The microscopic pore crude oil production characteristics and influencing factors by DME-assisted CO2 injection in shale oil reservoirs

Abstract

CO2 injection into shale oil reservoirs can effectively enhance recovery while simultaneously realizing geological storage. However, shale oil recovery by CO2 injection remains low. In this paper, classification and evaluation standards for shale oil reservoirs were established. Based on this, comparative experiments between pure CO2 flooding and dimethyl ether (DME)-assisted CO2 flooding were conducted, supplemented by nuclear magnetic resonance testing. The microscopic production characteristics of shale oil under different injection methods were analyzed. The effects of injection pressure, gas injection volume, and DME concentration on oil recovery were studied, and the potential of DME-assisted CO2 flooding was explored.
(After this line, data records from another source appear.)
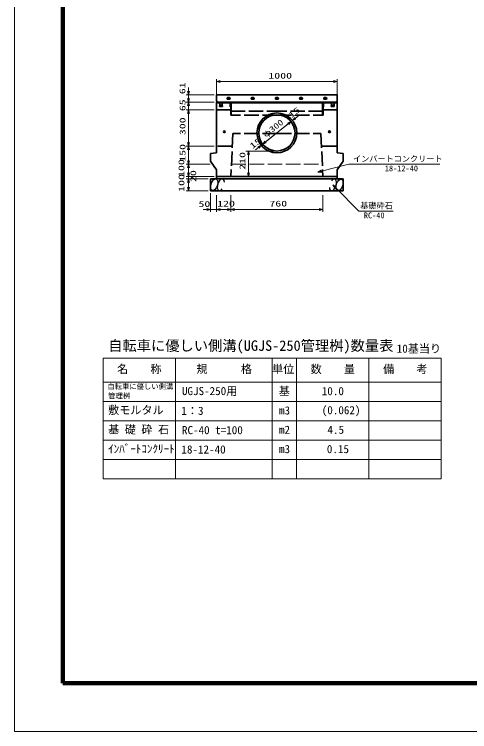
# Model space of a CAD drawing. Units: millimetres on the paper. Extents: x 0 to 841, y 0 to 594.
# Drawn here: x 0 to 188.4, y 0 to 297 of the extents above; entities that cross this region are included whole.
import ezdxf
from ezdxf.enums import TextEntityAlignment as Align

# ---------------------------------------------------------------- set-up
doc = ezdxf.new("R2010")
doc.units = ezdxf.units.MM
doc.linetypes.add('DASHED', pattern=[7.5, 6, -1.5])
doc.linetypes.add('USER2', pattern=[2.709336, 0.338667, -0.338667, 0.338667, -0.338667, 0.338667, -0.338667, 0.338667, -0.338667])
for name, color, linetype, lineweight in [('D-BMK-HTXT', 7, 'Continuous', 13), ('D-STR-DIM（寸法）', 7, 'Continuous', 13), ('D-STR-DIM（寸法）2', 7, 'Continuous', 13), ('D-STR-HTXT(基礎砕石-旗)', 7, 'Continuous', 13), ('D-STR-HTXT（旗上げ）', 7, 'Continuous', 13), ('D-STR-STRF(グリ)', 7, 'Continuous', 25), ('D-STR（構造物）', 1, 'Continuous', 35), ('D-TTL-LINE（区切線）', 7, 'Continuous', 18), ('D-TTL（外枠）', 2, 'Continuous', 140)]:
    doc.layers.add(name, color=color, linetype=linetype, lineweight=lineweight)
doc.styles.add('ＭＳ ゴシック', font='')
doc.styles.get('ＭＳ ゴシック').set_extended_font_data('MS Gothic')

# ---------------------------------------------------------------- blocks, each defined once
blk = doc.blocks.new('_Open30')
at = {"color": 7, "linetype": 'Continuous', "lineweight": 13}
for p, q in [((-1, 0.2679), (0, 0)), ((0, 0), (-1, -0.2679)), ((0, 0), (-1, 0))]:
    blk.add_line(p, q, dxfattribs=at)

msp = doc.modelspace()

# ---------------------------------------------------------------- linework, layer by layer
at = {"layer": 'D-BMK-HTXT'}
for p, q in [((36.715, 154.708), (36.715, 104.708)), ((36.715, 154.708), (176.715, 154.708)), ((66.715, 154.708), (66.715, 104.708)), ((106.715, 154.708), (106.715, 104.708)), ((116.715, 154.708), (116.715, 104.708)), ((146.715, 154.708), (146.715, 104.708)), ((176.715, 154.708), (176.715, 104.708)), ((36.715, 144.708), (176.715, 144.708)), ((36.715, 136.708), (176.715, 136.708)), ((36.715, 128.708), (176.715, 128.708)), ((36.715, 120.708), (176.715, 120.708)), ((36.715, 112.708), (176.715, 112.708)), ((36.715, 104.708), (176.715, 104.708))]:
    msp.add_line(p, q, dxfattribs=at)
at = {"layer": 'D-STR-DIM（寸法）'}
for p, q in [((72.073, 231.408), (72.073, 232.908)), ((80.156, 229.908), (71.073, 229.908)), ((80.156, 228.908), (71.073, 228.908)), ((80.156, 228.908), (71.073, 228.908)), ((72.073, 229.908), (72.073, 228.908)), ((72.073, 227.408), (72.073, 225.908)), ((72.073, 227.408), (72.073, 225.408)), ((80.156, 223.908), (71.073, 223.908)), ((83.656, 222.161), (83.656, 215.176)), ((83.656, 222.161), (83.656, 215.176)), ((89.656, 222.161), (89.656, 215.176)), ((89.656, 222.161), (89.656, 215.176)), ((127.656, 222.161), (127.656, 215.176)), ((83.656, 216.176), (81.156, 216.176)), ((88.156, 216.176), (85.156, 216.176)), ((85.156, 216.176), (86.656, 216.176)), ((91.156, 216.176), (126.156, 216.176))]:
    msp.add_line(p, q, dxfattribs=at)
at = {"layer": 'D-STR-DIM（寸法）2'}
for p, q in [((83.656, 261.658), (83.656, 270.141)), ((85.156, 269.141), (132.156, 269.141)), ((133.656, 261.658), (133.656, 270.141)), ((72.073, 265.208), (72.073, 266.708)), ((82.706, 263.708), (71.073, 263.708)), ((72.073, 263.708), (72.073, 260.658)), ((72.073, 262.158), (72.073, 263.658)), ((82.706, 260.658), (71.073, 260.658)), ((82.706, 260.658), (71.073, 260.658)), ((72.073, 260.658), (72.073, 257.408)), ((72.073, 259.158), (72.073, 257.658)), ((82.656, 257.408), (71.073, 257.408)), ((82.656, 257.408), (71.073, 257.408)), ((72.073, 255.908), (72.073, 254.408)), ((72.073, 255.908), (72.073, 243.908)), ((114.531, 252.57), (102.78, 243.247)), ((114.531, 252.57), (115.119, 253.036)), ((116.294, 253.968), (117.469, 254.9)), ((113.356, 251.637), (103.955, 244.179)), ((113.356, 251.637), (112.181, 250.705)), ((103.955, 244.179), (105.13, 245.112)), ((82.656, 242.408), (71.073, 242.408)), ((82.656, 242.408), (71.073, 242.408)), ((72.073, 236.408), (72.073, 240.908)), ((101.017, 241.849), (99.842, 240.916)), ((102.78, 243.247), (102.193, 242.781)), ((107.656, 240.408), (95.858, 240.408)), ((96.858, 238.908), (96.858, 231.408)), ((81.049, 234.908), (71.073, 234.908)), ((81.049, 234.908), (71.073, 234.908)), ((72.073, 231.408), (72.073, 233.408)), ((82.656, 229.908), (71.073, 229.908)), ((107.656, 229.908), (95.858, 229.908)), ((81.156, 222.908), (81.156, 215.176)), ((83.656, 221.161), (83.656, 215.176)), ((79.656, 216.176), (78.156, 216.176)), ((83.656, 216.176), (81.156, 216.176)), ((85.156, 216.176), (86.656, 216.176))]:
    msp.add_line(p, q, dxfattribs=at)
at = {"layer": 'D-STR-DIM（寸法）2', "color": 1, "linetype": 'DASHED'}
msp.add_line((89.866, 234.908), (127.445, 234.908), dxfattribs=at)
at = {"layer": 'D-STR-HTXT(基礎砕石-旗)'}
msp.add_lwpolyline([(156.722, 215.502), (142.618, 215.502), (132.895, 225.319)], dxfattribs=at)
at = {"layer": 'D-STR-HTXT（旗上げ）'}
msp.add_lwpolyline([(176.078, 234.956), (138.445, 234.908), (127.082, 232.044)], dxfattribs=at)
at = {"layer": 'D-STR-STRF(グリ)'}
for centre, major_axis in [((82.731, 226.432), (0.79, 2.421)), ((134.58, 226.385), (-0.79, -2.421))]:
    msp.add_ellipse(centre, major_axis=major_axis, ratio=0.5139, dxfattribs=at)
for centre, major_axis in [((85.472, 226.432), (0.79, 2.421)), ((131.84, 226.385), (-0.79, -2.421))]:
    msp.add_ellipse(centre, major_axis=major_axis, ratio=0.5139, start_param=5.3575563, end_param=10.3750652, dxfattribs=at)
at = {"layer": 'D-STR（構造物）'}
for p, q in [((83.706, 263.708), (108.656, 263.708)), ((83.706, 261.258), (83.706, 263.708)), ((84.006, 263.708), (83.706, 263.708)), ((83.706, 263.708), (83.706, 261.258)), ((88.381, 262.533), (88.931, 262.533)), ((88.931, 261.833), (88.381, 261.833)), ((98.931, 262.533), (98.381, 262.533)), ((98.381, 261.833), (98.931, 261.833)), ((108.381, 262.533), (108.656, 262.533)), ((108.656, 261.833), (108.381, 261.833)), ((133.606, 263.708), (108.656, 263.708)), ((108.931, 262.533), (108.656, 262.533)), ((108.656, 261.833), (108.931, 261.833)), ((118.381, 262.533), (118.931, 262.533)), ((118.931, 261.833), (118.381, 261.833)), ((128.931, 262.533), (128.381, 262.533)), ((128.381, 261.833), (128.931, 261.833)), ((133.306, 263.708), (133.606, 263.708)), ((133.606, 261.258), (133.606, 263.708)), ((133.606, 263.708), (133.606, 261.258)), ((108.656, 260.658), (83.656, 260.658)), ((83.656, 260.658), (83.656, 239.658)), ((83.656, 260.408), (108.656, 260.408)), ((108.656, 260.658), (133.656, 260.658)), ((133.656, 260.408), (108.656, 260.408)), ((133.656, 260.658), (133.656, 239.658)), ((83.656, 239.658), (81.156, 239.408)), ((81.156, 239.408), (81.156, 236.158)), ((133.656, 239.658), (136.156, 239.408)), ((136.156, 239.408), (136.156, 236.158)), ((81.156, 236.158), (83.656, 232.658)), ((136.156, 236.158), (133.656, 232.658)), ((83.656, 232.658), (83.656, 229.908)), ((133.656, 232.658), (133.656, 229.908)), ((81.156, 228.908), (136.156, 228.908)), ((81.156, 228.908), (81.156, 223.908)), ((81.156, 228.908), (136.156, 228.908)), ((83.656, 229.908), (108.656, 229.908)), ((83.656, 229.908), (83.656, 228.908)), ((133.656, 229.908), (108.656, 229.908)), ((133.656, 229.908), (133.656, 228.908)), ((136.156, 228.908), (136.156, 223.908)), ((81.156, 223.908), (136.156, 223.908))]:
    msp.add_line(p, q, dxfattribs=at)
at = {"layer": 'D-STR（構造物）', "linetype": 'USER2'}
for p, q in [((83.706, 260.433), (83.706, 260.658)), ((84.031, 260.658), (89.081, 260.658)), ((133.281, 260.658), (128.231, 260.658)), ((133.606, 260.433), (133.606, 260.658))]:
    msp.add_line(p, q, dxfattribs=at)
at = {"layer": 'D-STR（構造物）', "linetype": 'DASHED'}
for p, q in [((89.081, 260.433), (83.706, 260.433)), ((84.881, 259.158), (84.881, 258.908)), ((85.006, 259.158), (84.881, 259.158)), ((84.881, 258.908), (86.181, 258.908)), ((85.006, 260.658), (85.006, 259.158)), ((85.131, 259.408), (85.931, 259.408)), ((86.056, 259.158), (86.056, 260.658)), ((86.181, 259.158), (86.056, 259.158)), ((86.181, 258.908), (86.181, 259.158)), ((89.306, 258.658), (89.306, 260.208)), ((89.531, 258.658), (89.306, 258.658)), ((89.531, 255.256), (89.531, 260.658)), ((89.756, 260.658), (89.756, 255.256)), ((127.556, 260.658), (127.556, 255.256)), ((127.781, 255.256), (127.781, 260.658)), ((127.781, 258.658), (128.006, 258.658)), ((128.006, 258.658), (128.006, 260.208)), ((128.231, 260.433), (133.606, 260.433)), ((131.131, 259.158), (131.256, 259.158)), ((131.131, 258.908), (131.131, 259.158)), ((132.431, 258.908), (131.131, 258.908)), ((131.256, 259.158), (131.256, 260.658)), ((132.181, 259.408), (131.381, 259.408)), ((132.306, 260.658), (132.306, 259.158)), ((132.306, 259.158), (132.431, 259.158)), ((132.431, 259.158), (132.431, 258.908)), ((83.656, 257.408), (89.531, 257.408)), ((89.531, 256.98), (108.656, 256.98)), ((127.781, 256.98), (108.656, 256.98)), ((133.656, 257.408), (127.781, 257.408)), ((108.656, 255.256), (89.531, 255.256)), ((108.656, 255.256), (127.781, 255.256)), ((90.406, 247.729), (89.656, 229.908)), ((108.656, 247.729), (90.406, 247.729)), ((108.656, 247.729), (126.906, 247.729)), ((126.906, 247.729), (127.656, 229.908)), ((90.182, 242.408), (83.656, 242.408)), ((127.13, 242.408), (133.656, 242.408))]:
    msp.add_line(p, q, dxfattribs=at)
at = {"layer": 'D-STR（構造物）'}
for centre in [(86.906, 248.408), (130.406, 248.408)]:
    msp.add_circle(centre, 0.375, dxfattribs=at)
for centre, radius, start, end in [((88.381, 262.183), 0.35, 90, 270), ((88.931, 262.183), 0.35, 270, 90), ((98.381, 262.183), 0.35, 90, 270), ((98.931, 262.183), 0.35, 270, 90), ((108.381, 262.183), 0.35, 90, 270), ((108.931, 262.183), 0.35, 270, 90), ((118.381, 262.183), 0.35, 90, 270), ((118.931, 262.183), 0.35, 270, 90), ((128.381, 262.183), 0.35, 90, 270), ((128.931, 262.183), 0.35, 270, 90), ((84.306, 261.258), 0.6, 180, 270), ((84.306, 261.258), 0.6, 180, 270), ((133.006, 261.258), 0.6, 270, 0), ((133.006, 261.258), 0.6, 270, 0), ((108.656, 247.908), 8.25, 90, 270), ((108.656, 247.908), 8.25, 270, 90), ((108.656, 247.908), 7.5, 90, 270), ((108.656, 247.908), 7.5, 270, 90)]:
    msp.add_arc(centre, radius, start, end, dxfattribs=at)
at = {"layer": 'D-STR（構造物）', "linetype": 'DASHED'}
for centre, radius, start, end in [((89.081, 260.208), 0.45, 0, 90), ((89.081, 260.208), 0.225, 0, 90), ((128.231, 260.208), 0.45, 90, 180), ((128.231, 260.208), 0.225, 90, 180)]:
    msp.add_arc(centre, radius, start, end, dxfattribs=at)
at = {"layer": 'D-TTL-LINE（区切線）'}
for p, q in [((0, 594), (0, 0)), ((0, 0), (841, 0))]:
    msp.add_line(p, q, dxfattribs=at)
at = {"layer": 'D-TTL（外枠）'}
for p, q in [((20.1, 573.9), (20.1, 20.1)), ((20.1, 20.1), (820.9, 20.1))]:
    msp.add_line(p, q, dxfattribs=at)

# ---------------------------------------------------------------- block references
at = {"layer": 'D-STR-DIM（寸法）', "xscale": 1.5, "yscale": 1.5}
for p, rotation in [((72.073, 229.908), 270), ((72.073, 228.908), 90), ((72.073, 228.908), 90), ((72.073, 223.908), 270), ((83.656, 216.176), 180), ((83.656, 216.176), 180), ((89.656, 216.176), 180)]:
    msp.add_blockref('_Open30', p, dxfattribs=dict(at, rotation=rotation))
for p in [(89.656, 216.176), (127.656, 216.176)]:
    msp.add_blockref('_Open30', p, dxfattribs=at)
at = {"layer": 'D-STR-DIM（寸法）2', "xscale": 1.5, "yscale": 1.5}
for p, rotation in [((83.656, 269.141), 180), ((72.073, 263.708), 270), ((72.073, 260.658), 270), ((72.073, 260.658), 90), ((72.073, 257.408), 90), ((72.073, 257.408), 90), ((114.531, 252.57), 38.42572), ((114.531, 252.57), 38.42572), ((115.119, 253.036), 218.42572), ((72.073, 242.408), 270), ((102.78, 243.247), 218.42572), ((102.78, 243.247), 218.42572), ((72.073, 242.408), 90), ((102.193, 242.781), 38.42572), ((96.858, 240.408), 90), ((72.073, 234.908), 270), ((72.073, 234.908), 90), ((72.073, 229.908), 270), ((96.858, 229.908), 270), ((83.656, 216.176), 180)]:
    msp.add_blockref('_Open30', p, dxfattribs=dict(at, rotation=rotation))
for p in [(133.656, 269.141), (81.156, 216.176)]:
    msp.add_blockref('_Open30', p, dxfattribs=at)
at = {"layer": 'D-STR-HTXT(基礎砕石-旗)', "xscale": 1.5, "yscale": 1.5, "rotation": 134.72505}
msp.add_blockref('_Open30', (131.84, 226.385), dxfattribs=at)
at = {"layer": 'D-STR-HTXT（旗上げ）', "xscale": 1.5, "yscale": 1.5, "rotation": 194.1476}
msp.add_blockref('_Open30', (125.627, 231.677), dxfattribs=at)

# ---------------------------------------------------------------- texts
at = {"layer": 'D-BMK-HTXT', "style": 'ＭＳ ゴシック'}
for s, height, p in [('自転車に優しい側溝(UGJS-250管理桝)数量表', 4.33, (38.835, 156.371)), ('10基当り', 3.367, (158.255, 155.904)), ('名\u3000\u3000称', 3.367, (42.551, 147.426)), ('規\u3000\u3000\u3000格', 3.367, (75.355, 147.444)), ('単位', 3.367, (106.666, 147.408)), ('数\u3000\u3000量', 3.367, (122.604, 147.444)), ('備\u3000\u3000考', 3.367, (152.622, 147.404)), ('自転車に優しい側溝', 2.165, (38.497, 141.161)), ('UGJS-250用', 3.367, (69.363, 138.345)), ('基', 3.367, (109.432, 138.346)), ('10.0', 3.367, (127.228, 138.31)), ('管理桝', 2.165, (38.828, 137.286)), ('敷モルタル', 3.367, (38.82, 130.452)), ('1：3', 3.367, (69.132, 130.158)), ('m3', 3.367, (109.539, 130.31)), ('(0.062)', 3.367, (127.225, 130.427)), ('基 礎 砕 石', 3.367, (38.82, 122.417)), ('RC-40 t=100', 3.367, (69.363, 122.158)), ('m2', 3.367, (109.53, 122.31)), ('4.5', 3.367, (129.594, 122.31)), ('ｲﾝﾊﾞｰﾄｺﾝｸﾘｰﾄ', 3.367, (38.802, 114.382)), ('18-12-40', 3.367, (69.132, 114.158)), ('m3', 3.367, (109.539, 114.31)), ('0.15', 3.367, (129.334, 114.31))]:
    msp.add_text(s, height=height, dxfattribs=at).set_placement(p, align=Align.BOTTOM_LEFT)
at = {"layer": 'D-STR-DIM（寸法）', "style": 'ＭＳ ゴシック', "width": 1.5}
for s, p in [('20', (75.974, 227.577)), ('100', (71.086, 223.497))]:
    msp.add_text(s, height=2.405, rotation=90, dxfattribs=at).set_placement(p, align=Align.BOTTOM_LEFT)
for s, p in [('120', (83.947, 216.713)), ('760', (105.531, 216.713))]:
    msp.add_text(s, height=2.405, dxfattribs=at).set_placement(p, align=Align.BOTTOM_LEFT)
at = {"layer": 'D-STR-DIM（寸法）2', "style": 'ＭＳ ゴシック', "width": 1.5}
for s, p in [('1000', (105.114, 269.679)), ('50', (76.192, 216.541))]:
    msp.add_text(s, height=2.405, dxfattribs=at).set_placement(p, align=Align.BOTTOM_LEFT)
at = {"layer": 'D-STR-DIM（寸法）2', "style": 'ＭＳ ゴシック'}
for s, rotation, width, p in [('61', 90, 1.5, (71.456, 263.937)), ('65', 90, 1.5, (71.536, 256.904)), ('15', 38.426, 1.5, (115.093, 253.355)), ('300', 90, 1.5, (71.536, 246.992)), ('φ300', 38.426, 1.3, (104.535, 245.325)), ('15', 38.426, 1.5, (98.999, 240.577)), ('150', 90, 1.5, (71.536, 235.95)), ('210', 90, 1.5, (96.321, 232.633)), ('100', 90, 1.5, (71.04, 229.66))]:
    msp.add_text(s, height=2.405, rotation=rotation, dxfattribs=dict(at, width=width)).set_placement(p, align=Align.BOTTOM_LEFT)
at = {"layer": 'D-STR-HTXT(基礎砕石-旗)', "style": 'ＭＳ ゴシック'}
for s, p in [('基礎砕石', (143.154, 215.837)), ('RC-40', (144.642, 211.851))]:
    msp.add_text(s, height=2.405, dxfattribs=at).set_placement(p, align=Align.BOTTOM_LEFT)
at = {"layer": 'D-STR-HTXT（旗上げ）', "style": 'ＭＳ ゴシック'}
for s, p in [('インバートコンクリート', (140.175, 235.252)), ('18-12-40', (153.317, 231.305))]:
    msp.add_text(s, height=2.405, dxfattribs=at).set_placement(p, align=Align.BOTTOM_LEFT)

doc.saveas('drawing.dxf')

The results show three types of shale samples: I, II, and III, with their corresponding physical properties, pore-throat structures, and percolation capacities decreasing in the same order. With the addition of DME, the CO2 solubility increased, while the produced oil viscosity significantly decreased. DME-assisted CO2 flooding has higher recovery compare with CO2 flooding. The increase is more significant as pressure increases. The increase in ultimate recovery was the largest for type III samples. In addition, regardless of whether pure CO2 flooding or DME-assisted CO2 flooding was applied, a higher injection pressure and injection volume mean higher recovery. The increase by DME-assisted CO2 flooding is much greater than that by pure CO2 flooding. During the miscible stage, the recovery is greater than that during the immiscible stage. The recovery increased with increasing DME molar concentration and then slowed down; therefore, the recommended molar concentration of DME in the mixed gas is 20 mol%. The research results provide new methods and ideas for enhancing shale oil recovery and realizing geological storage by CO2 injection.